VIN registrations monitored by Twitter group @Model3VINs indicate that Tesla has filed multiple batches equaling more than 16,000 new Model 3 from August 5 to August 12. With the addition of small batches of new VINs this Sunday, Tesla has now registered a total of 98,254 Model 3 since the vehicle’s production started. Together with this notable ramp was an increase in filings corresponding to Dual Motor vehicles, which started picking up in July. Following is a graph showing the rise in Dual Motor VIN registrations as of August 1, 2018.

A graph showing the trend of Tesla’s Model 3 VIN registrations as of August 1, 2018. [Credit: Model3VINs/Twitter]

The Model 3 started production in mid-2017, but its ramp has been nothing but encouraging. When Elon Musk handed over the first 30 vehicles to employees in last year’s Model 3 Handover Party, Musk stated that Tesla would likely hit a production rate equal to 5,000 cars per week by the end of December 2017. Tesla was only able to attain this target on the final week of June 2018, and only by adopting unorthodox strategies such as air-freighting robots from Europe to the United States and building an entirely new assembly line inside a sprung structure on the grounds of the Fremont factory.

Since hitting its 5,000/week goal at the end of Q2, Tesla appears to have attained a breakthrough in the production of the Model 3. This week’s more than 16,000 new Model 3 VIN filings, for example, is roughly equal to the total VIN registrations in the first eight months of the vehicle’s production.

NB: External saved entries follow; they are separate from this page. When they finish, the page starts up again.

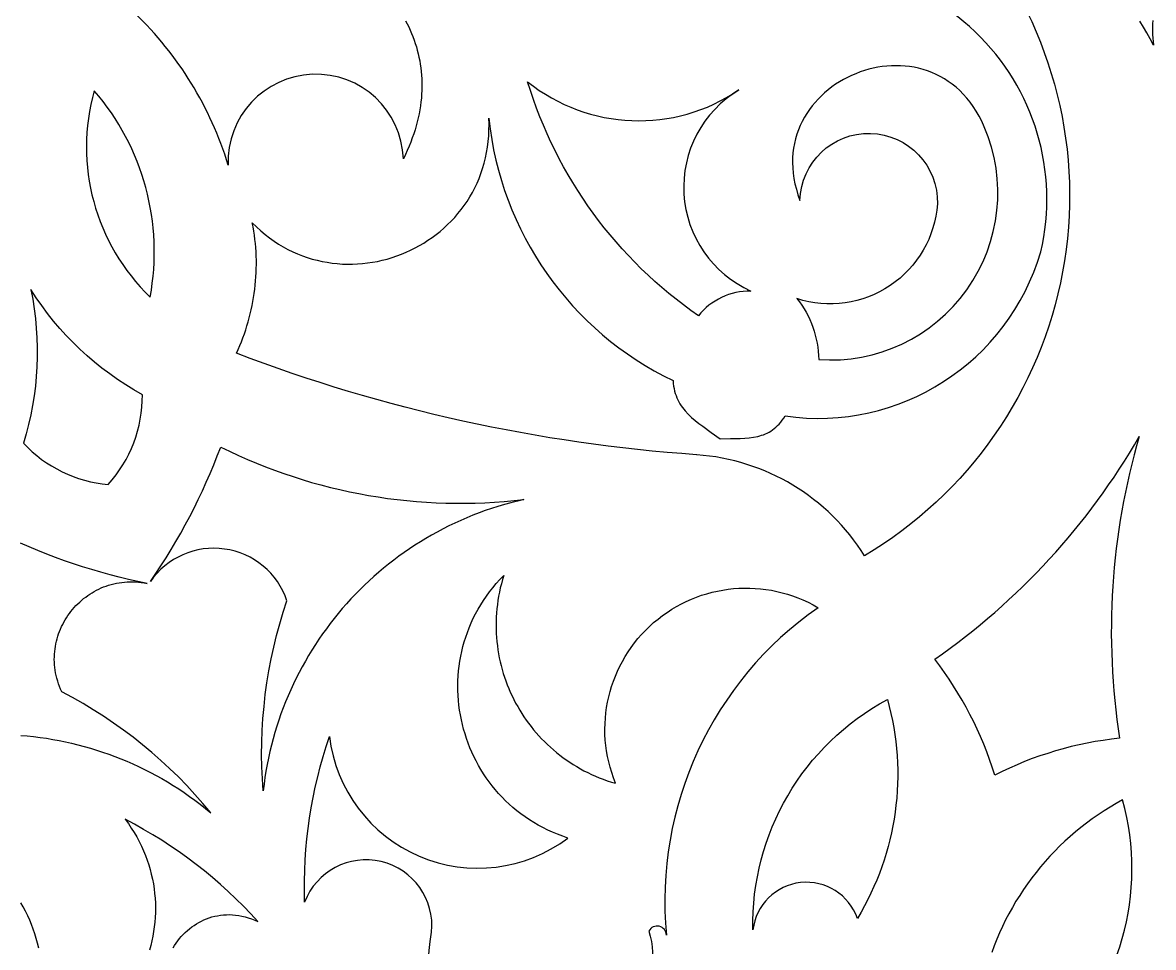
# Model space of a CAD drawing. Extents: x -3069 to -2029, y 258 to 1298.
# Drawn here: x -2603.4 to -2497.1, y 848.7 to 935.6 of the extents above; entities that cross this region are included whole.
import ezdxf

# ---------------------------------------------------------------- set-up
doc = ezdxf.new("R2010")
doc.units = 0
doc.layers.add('LAYER_1', color=18, linetype='CONTINUOUS')

msp = doc.modelspace()

# ---------------------------------------------------------------- linework, layer by layer
at = {"layer": 'LAYER_1'}
for points in [[(-2513.48, 943.78, -0.453995), (-2524.25, 885.5, 0.240725), (-2540.02, 895), (-2540.04, 895.01, -0.074077), (-2583.28, 904.54), (-2583.11, 904.9), (-2582.96, 905.27), (-2582.81, 905.63), (-2582.67, 906), (-2582.53, 906.37), (-2582.41, 906.74), (-2582.29, 907.12), (-2582.18, 907.49), (-2582.07, 907.87), (-2581.98, 908.25), (-2581.89, 908.63), (-2581.81, 909.02), (-2581.73, 909.4), (-2581.67, 909.79), (-2581.61, 910.17), (-2581.56, 910.56), (-2581.51, 910.95), (-2581.48, 911.34), (-2581.45, 911.73), (-2581.43, 912.12), (-2581.42, 912.51), (-2581.41, 912.9), (-2581.41, 913.29), (-2581.43, 913.68), (-2581.44, 914.08), (-2581.47, 914.47), (-2581.5, 914.86), (-2581.54, 915.25), (-2581.59, 915.64), (-2581.65, 916.03), (-2581.72, 916.42), (-2581.79, 916.81), (-2581.4, 916.42), (-2581, 916.06), (-2580.59, 915.72), (-2580.17, 915.39), (-2579.75, 915.09), (-2579.32, 914.81), (-2578.88, 914.55), (-2578.44, 914.31), (-2577.99, 914.09), (-2577.54, 913.89), (-2577.08, 913.71), (-2576.62, 913.55), (-2576.15, 913.4), (-2575.69, 913.28), (-2575.22, 913.17), (-2574.74, 913.09), (-2574.27, 913.02), (-2573.8, 912.97), (-2573.32, 912.93), (-2572.85, 912.92), (-2572.37, 912.92), (-2571.9, 912.94), (-2571.43, 912.98), (-2570.96, 913.03), (-2570.5, 913.1), (-2570.03, 913.18), (-2569.57, 913.29), (-2569.12, 913.4), (-2568.66, 913.54), (-2568.22, 913.69), (-2567.78, 913.85), (-2567.34, 914.03), (-2566.91, 914.23), (-2566.49, 914.44), (-2566.08, 914.66), (-2565.67, 914.9), (-2565.28, 915.16), (-2564.89, 915.42), (-2564.51, 915.71), (-2564.14, 916), (-2563.78, 916.31), (-2563.43, 916.63), (-2563.1, 916.96), (-2562.77, 917.31), (-2562.46, 917.67), (-2562.16, 918.04), (-2561.88, 918.43), (-2561.61, 918.82), (-2561.35, 919.23), (-2561.11, 919.65), (-2560.88, 920.08), (-2560.67, 920.52), (-2560.48, 920.98), (-2560.3, 921.44), (-2560.14, 921.92), (-2560, 922.4), (-2559.87, 922.9), (-2559.77, 923.4), (-2559.68, 923.92), (-2559.62, 924.44), (-2559.57, 924.97), (-2559.55, 925.52), (-2559.54, 926.07), (-2559.56, 926.63, 0.260478), (-2542.25, 901.97), (-2542.23, 901.71), (-2542.2, 901.46), (-2542.15, 901.22), (-2542.1, 900.99), (-2542.04, 900.77), (-2541.97, 900.56), (-2541.89, 900.35), (-2541.8, 900.16), (-2541.71, 899.97), (-2541.6, 899.79), (-2541.49, 899.61), (-2541.37, 899.44), (-2541.24, 899.28), (-2541.11, 899.12), (-2540.82, 898.81), (-2540.51, 898.52), (-2540.17, 898.23), (-2539.82, 897.95), (-2539.45, 897.68), (-2538.66, 897.11), (-2537.83, 896.51), (-2536.85, 896.52), (-2536.38, 896.53), (-2535.93, 896.54), (-2535.5, 896.56), (-2535.08, 896.59), (-2534.68, 896.65), (-2534.29, 896.72), (-2534.1, 896.77), (-2533.92, 896.83), (-2533.74, 896.89), (-2533.56, 896.96), (-2533.39, 897.04), (-2533.22, 897.13), (-2533.06, 897.23), (-2532.89, 897.34), (-2532.73, 897.46), (-2532.58, 897.59), (-2532.43, 897.74), (-2532.28, 897.89), (-2532.13, 898.06), (-2531.99, 898.24), (-2531.85, 898.44), (-2531.71, 898.65, 0.373134), (-2507.69, 914.07, 0.574165), (-2534.83, 939.85)], [(-2567.38, 935.8), (-2567.23, 935.51), (-2567.08, 935.21), (-2566.95, 934.91), (-2566.82, 934.61), (-2566.69, 934.3), (-2566.58, 933.98), (-2566.47, 933.67), (-2566.37, 933.35), (-2566.28, 933.02), (-2566.2, 932.7), (-2566.13, 932.37), (-2566.06, 932.03), (-2566, 931.7), (-2565.96, 931.36), (-2565.92, 931.01), (-2565.89, 930.67), (-2565.87, 930.32), (-2565.85, 929.97), (-2565.85, 929.61), (-2565.86, 929.25), (-2565.88, 928.89), (-2565.9, 928.53), (-2565.94, 928.17), (-2565.99, 927.8), (-2566.05, 927.43), (-2566.11, 927.06), (-2566.19, 926.68), (-2566.28, 926.3), (-2566.38, 925.93), (-2566.49, 925.54), (-2566.62, 925.16), (-2566.75, 924.78), (-2566.9, 924.39), (-2567.05, 924), (-2567.22, 923.61), (-2567.4, 923.22), (-2567.59, 922.83, 1), (-2584.06, 922.23, 0.128453), (-2592.83, 936.51)], [(-2563.06, 836.72, -0.153049), (-2564.94, 850.12, 0.87466), (-2576.88, 852.96, -0.089383), (-2574.54, 868.53, 0.578149), (-2552.13, 858.98), (-2552.62, 859.15), (-2553.1, 859.33), (-2553.57, 859.52), (-2554.03, 859.73), (-2554.48, 859.96), (-2554.91, 860.19), (-2555.34, 860.44), (-2555.75, 860.7), (-2556.16, 860.97), (-2556.55, 861.25), (-2556.93, 861.55), (-2557.29, 861.85), (-2557.65, 862.17), (-2557.99, 862.49), (-2558.32, 862.83), (-2558.64, 863.17), (-2558.95, 863.53), (-2559.24, 863.89), (-2559.53, 864.26), (-2559.8, 864.64), (-2560.06, 865.02), (-2560.3, 865.41), (-2560.53, 865.81), (-2560.75, 866.22), (-2560.96, 866.63), (-2561.15, 867.05), (-2561.34, 867.47), (-2561.5, 867.9), (-2561.66, 868.33), (-2561.8, 868.77), (-2561.93, 869.21), (-2562.04, 869.65), (-2562.14, 870.1), (-2562.23, 870.55), (-2562.31, 871.01), (-2562.37, 871.46), (-2562.41, 871.92), (-2562.45, 872.38), (-2562.47, 872.84), (-2562.47, 873.3), (-2562.46, 873.76), (-2562.44, 874.22), (-2562.4, 874.68), (-2562.35, 875.14), (-2562.28, 875.6), (-2562.2, 876.06), (-2562.1, 876.51), (-2561.99, 876.97), (-2561.87, 877.42), (-2561.73, 877.87), (-2561.57, 878.31), (-2561.4, 878.75), (-2561.22, 879.19), (-2561.02, 879.63), (-2560.8, 880.05), (-2560.57, 880.48), (-2560.32, 880.9), (-2560.06, 881.31), (-2559.78, 881.72), (-2559.49, 882.12), (-2559.18, 882.51), (-2558.86, 882.9), (-2558.52, 883.28), (-2558.16, 883.65), (-2558.28, 883.27), (-2558.38, 882.87), (-2558.48, 882.48), (-2558.57, 882.09), (-2558.64, 881.7), (-2558.71, 881.31), (-2558.76, 880.92), (-2558.81, 880.53), (-2558.84, 880.14), (-2558.87, 879.75), (-2558.88, 879.36), (-2558.88, 878.97), (-2558.88, 878.59), (-2558.86, 878.2), (-2558.84, 877.82), (-2558.81, 877.44), (-2558.76, 877.05), (-2558.71, 876.68), (-2558.65, 876.3), (-2558.58, 875.93), (-2558.5, 875.55), (-2558.41, 875.18), (-2558.31, 874.82), (-2558.2, 874.45), (-2558.09, 874.09), (-2557.96, 873.74), (-2557.83, 873.38), (-2557.69, 873.03), (-2557.54, 872.69), (-2557.38, 872.34), (-2557.21, 872), (-2557.04, 871.67), (-2556.85, 871.34), (-2556.66, 871.01), (-2556.46, 870.69), (-2556.26, 870.38), (-2556.04, 870.06), (-2555.82, 869.76), (-2555.59, 869.46), (-2555.35, 869.16), (-2555.11, 868.87), (-2554.86, 868.59), (-2554.6, 868.31), (-2554.33, 868.04), (-2554.06, 867.77), (-2553.78, 867.51), (-2553.49, 867.26), (-2553.2, 867.01), (-2552.9, 866.78), (-2552.59, 866.54), (-2552.28, 866.32), (-2551.96, 866.1), (-2551.63, 865.89), (-2551.3, 865.69), (-2550.96, 865.49), (-2550.62, 865.31), (-2550.27, 865.13), (-2549.91, 864.96), (-2549.55, 864.8), (-2549.18, 864.65), (-2548.81, 864.5), (-2548.43, 864.37), (-2548.04, 864.24), (-2547.65, 864.13, -0.719328), (-2528.62, 880.63, 0.270929), (-2542.87, 849.85, 0.777705), (-2544.52, 850.24, -0.636132), (-2553.88, 841.6, 0.862472)]]:
    msp.add_lwpolyline(points, format="xyb", dxfattribs=at)
for points in [[(-2497.17, 935.82), (-2497.18, 935.49), (-2497.19, 935.16), (-2497.19, 934.83), (-2497.18, 934.5), (-2497.16, 934.17), (-2497.14, 933.83), (-2497.1, 933.5), (-2497.4, 934.08), (-2497.71, 934.65), (-2498.04, 935.2), (-2498.39, 935.75)], [(-2603.54, 868.63), (-2602.94, 868.57), (-2602.34, 868.51), (-2601.74, 868.44), (-2601.14, 868.35), (-2600.54, 868.25), (-2599.95, 868.14), (-2599.36, 868.02), (-2598.77, 867.89), (-2598.18, 867.75), (-2597.59, 867.59), (-2597.01, 867.43), (-2596.43, 867.25), (-2595.86, 867.06), (-2595.28, 866.86), (-2594.71, 866.65), (-2594.14, 866.43), (-2593.58, 866.19), (-2593.02, 865.95), (-2592.47, 865.69), (-2591.92, 865.43), (-2591.37, 865.15), (-2590.83, 864.86), (-2590.29, 864.56), (-2589.76, 864.25), (-2589.23, 863.93), (-2588.71, 863.59), (-2588.19, 863.25), (-2587.68, 862.89), (-2587.18, 862.53), (-2586.68, 862.15), (-2586.18, 861.76), (-2585.7, 861.36), (-2586.43, 862.23), (-2587.18, 863.08), (-2587.95, 863.92), (-2588.74, 864.73), (-2589.56, 865.52), (-2590.39, 866.28), (-2591.24, 867.03), (-2592.11, 867.75), (-2593, 868.46), (-2593.9, 869.13), (-2594.83, 869.79), (-2595.77, 870.42), (-2596.73, 871.03), (-2597.7, 871.62), (-2598.69, 872.18), (-2599.69, 872.71), (-2599.81, 872.97), (-2599.91, 873.22), (-2600, 873.48), (-2600.08, 873.73), (-2600.16, 873.99), (-2600.22, 874.24), (-2600.27, 874.5), (-2600.32, 874.75), (-2600.35, 875), (-2600.37, 875.26), (-2600.39, 875.51), (-2600.4, 875.76), (-2600.39, 876.01), (-2600.38, 876.26), (-2600.36, 876.51), (-2600.33, 876.75), (-2600.3, 876.99), (-2600.25, 877.23), (-2600.2, 877.47), (-2600.14, 877.71), (-2600.07, 877.94), (-2599.99, 878.17), (-2599.91, 878.4), (-2599.81, 878.62), (-2599.72, 878.85), (-2599.61, 879.06), (-2599.5, 879.28), (-2599.38, 879.49), (-2599.25, 879.69), (-2599.12, 879.89), (-2598.98, 880.09), (-2598.83, 880.28), (-2598.68, 880.47), (-2598.52, 880.65), (-2598.36, 880.83), (-2598.19, 881), (-2598.01, 881.16), (-2597.83, 881.32), (-2597.65, 881.48), (-2597.45, 881.63), (-2597.26, 881.77), (-2597.06, 881.91), (-2596.85, 882.03), (-2596.64, 882.16), (-2596.43, 882.27), (-2596.21, 882.38), (-2595.98, 882.48), (-2595.76, 882.58), (-2595.52, 882.66), (-2595.29, 882.74), (-2595.05, 882.81), (-2594.81, 882.87), (-2594.56, 882.92), (-2594.31, 882.97), (-2594.06, 883.01), (-2593.81, 883.03), (-2593.55, 883.05), (-2593.29, 883.06), (-2593.03, 883.06), (-2592.76, 883.05), (-2592.49, 883.03), (-2592.22, 883), (-2591.95, 882.96), (-2591.68, 882.91), (-2592.55, 883.09), (-2593.43, 883.29), (-2594.3, 883.5), (-2595.16, 883.72), (-2596.02, 883.96), (-2596.88, 884.21), (-2597.74, 884.47), (-2598.58, 884.75), (-2599.43, 885.04), (-2600.27, 885.34), (-2601.11, 885.66), (-2601.94, 885.99), (-2602.76, 886.34), (-2603.58, 886.69)], [(-2500.54, 847.97), (-2500.27, 848.75), (-2500.04, 849.53), (-2499.83, 850.31), (-2499.64, 851.11), (-2499.49, 851.91), (-2499.36, 852.71), (-2499.26, 853.53), (-2499.18, 854.34), (-2499.14, 855.16), (-2499.12, 855.98), (-2499.13, 856.8), (-2499.17, 857.63), (-2499.23, 858.45), (-2499.33, 859.28), (-2499.45, 860.1), (-2499.61, 860.92), (-2499.79, 861.74), (-2500, 862.56), (-2500.59, 862.23), (-2501.17, 861.89), (-2501.74, 861.54), (-2502.3, 861.17), (-2502.85, 860.78), (-2503.39, 860.39), (-2503.92, 859.98), (-2504.44, 859.56), (-2504.94, 859.12), (-2505.43, 858.68), (-2505.92, 858.22), (-2506.38, 857.75), (-2506.84, 857.27), (-2507.28, 856.77), (-2507.72, 856.27), (-2508.13, 855.75), (-2508.54, 855.23), (-2508.93, 854.69), (-2509.31, 854.15), (-2509.67, 853.59), (-2510.02, 853.03), (-2510.36, 852.46), (-2510.68, 851.87), (-2510.99, 851.28), (-2511.28, 850.68), (-2511.56, 850.08), (-2511.82, 849.46), (-2512.06, 848.84), (-2512.29, 848.21)], [(-2589.24, 848.66), (-2589.1, 848.88), (-2588.96, 849.1), (-2588.8, 849.32), (-2588.63, 849.53), (-2588.46, 849.73), (-2588.28, 849.92), (-2588.09, 850.11), (-2587.89, 850.29), (-2587.69, 850.46), (-2587.48, 850.62), (-2587.26, 850.77), (-2587.04, 850.91), (-2586.81, 851.05), (-2586.57, 851.17), (-2586.33, 851.28), (-2586.09, 851.39), (-2585.83, 851.48), (-2585.58, 851.56), (-2585.31, 851.63), (-2585.05, 851.68), (-2584.77, 851.73), (-2584.5, 851.76), (-2584.22, 851.77), (-2583.94, 851.78), (-2583.65, 851.77), (-2583.36, 851.74), (-2583.07, 851.7), (-2582.77, 851.65), (-2582.47, 851.58), (-2582.17, 851.49), (-2581.87, 851.39), (-2581.56, 851.27), (-2581.26, 851.13), (-2581.93, 851.86), (-2582.62, 852.57), (-2583.33, 853.27), (-2584.05, 853.95), (-2584.78, 854.61), (-2585.53, 855.26), (-2586.29, 855.89), (-2587.07, 856.5), (-2587.86, 857.09), (-2588.66, 857.67), (-2589.48, 858.23), (-2590.3, 858.77), (-2591.14, 859.29), (-2592, 859.79), (-2592.86, 860.28), (-2593.74, 860.74), (-2593.44, 860.34), (-2593.16, 859.92), (-2592.9, 859.5), (-2592.65, 859.08), (-2592.42, 858.65), (-2592.21, 858.22), (-2592.01, 857.79), (-2591.83, 857.35), (-2591.67, 856.91), (-2591.52, 856.46), (-2591.39, 856.02), (-2591.28, 855.57), (-2591.18, 855.12), (-2591.09, 854.67), (-2591.02, 854.22), (-2590.97, 853.77), (-2590.93, 853.32), (-2590.9, 852.87), (-2590.89, 852.42), (-2590.9, 851.97), (-2590.92, 851.52), (-2590.95, 851.08), (-2591, 850.63), (-2591.06, 850.19), (-2591.13, 849.75), (-2591.22, 849.31), (-2591.33, 848.88), (-2591.44, 848.45)], [(-2601.86, 848.64), (-2601.97, 849.09), (-2602.09, 849.53), (-2602.23, 849.97), (-2602.38, 850.41), (-2602.54, 850.84), (-2602.71, 851.26), (-2602.9, 851.68), (-2603.1, 852.1), (-2603.31, 852.5), (-2603.54, 852.9)]]:
    msp.add_lwpolyline(points, dxfattribs=at)
for points in [[(-2517.4, 918.58, -0.487168), (-2530.61, 909.68, -0.166667), (-2528.56, 903.95, 0.562024), (-2513, 925.83), (-2513.24, 926.35), (-2513.49, 926.84), (-2513.76, 927.3), (-2514.04, 927.73), (-2514.33, 928.14), (-2514.64, 928.53), (-2514.97, 928.89), (-2515.3, 929.23), (-2515.65, 929.54), (-2516.01, 929.83), (-2516.38, 930.1), (-2516.75, 930.34), (-2517.14, 930.56), (-2517.53, 930.75), (-2517.93, 930.93), (-2518.34, 931.08), (-2518.75, 931.22), (-2519.17, 931.33), (-2519.59, 931.42), (-2520.01, 931.49), (-2520.44, 931.53), (-2520.87, 931.56), (-2521.3, 931.57), (-2521.73, 931.56), (-2522.16, 931.53), (-2522.58, 931.49), (-2523.01, 931.42), (-2523.43, 931.34), (-2523.85, 931.23), (-2524.26, 931.11), (-2524.67, 930.98), (-2525.08, 930.82), (-2525.47, 930.65), (-2525.86, 930.47), (-2526.24, 930.27), (-2526.61, 930.05), (-2526.98, 929.82), (-2527.33, 929.57), (-2527.67, 929.31), (-2528, 929.03), (-2528.31, 928.74), (-2528.62, 928.43), (-2528.9, 928.12), (-2529.18, 927.79), (-2529.43, 927.44), (-2529.68, 927.09), (-2529.9, 926.72), (-2530.1, 926.34), (-2530.29, 925.95), (-2530.46, 925.54), (-2530.61, 925.13), (-2530.73, 924.71), (-2530.84, 924.27), (-2530.92, 923.83), (-2530.98, 923.37), (-2531.01, 922.91), (-2531.02, 922.44), (-2531, 921.96), (-2530.96, 921.47), (-2530.89, 920.97), (-2530.79, 920.47), (-2530.66, 919.95), (-2530.51, 919.43), (-2530.32, 918.91, -1)], [(-2534.93, 910.39), (-2535.29, 910.39), (-2535.65, 910.36), (-2536, 910.31), (-2536.35, 910.25), (-2536.69, 910.16), (-2537.03, 910.05), (-2537.36, 909.93), (-2537.68, 909.79), (-2537.99, 909.63), (-2538.3, 909.45), (-2538.59, 909.26), (-2538.87, 909.05), (-2539.14, 908.83), (-2539.39, 908.59), (-2539.63, 908.34), (-2539.86, 908.07), (-2540.57, 908.57), (-2541.28, 909.09), (-2541.97, 909.62), (-2542.64, 910.17), (-2543.31, 910.73), (-2543.96, 911.3), (-2544.6, 911.89), (-2545.23, 912.49), (-2545.84, 913.1), (-2546.44, 913.72), (-2547.03, 914.36), (-2547.6, 915), (-2548.16, 915.66), (-2548.71, 916.33), (-2549.24, 917.01), (-2549.75, 917.71), (-2550.25, 918.41), (-2550.74, 919.12), (-2551.21, 919.84), (-2551.67, 920.58), (-2552.11, 921.32), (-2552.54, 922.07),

VIN registrations over the past few months indicate that Tesla only breached the 16,000-vehicle mark near the end of March 2018.

Even Bloomberg‘s Model 3 production tracker, which has progressively increased its accuracy over the past few months (it was only 2% off Tesla’s actual numbers in Q2), now shows that the company is steadily approaching the 6,000 Model 3 per week mark. As of writing, the publication’s tracker estimates that Tesla is producing 5,824 Model 3 per week.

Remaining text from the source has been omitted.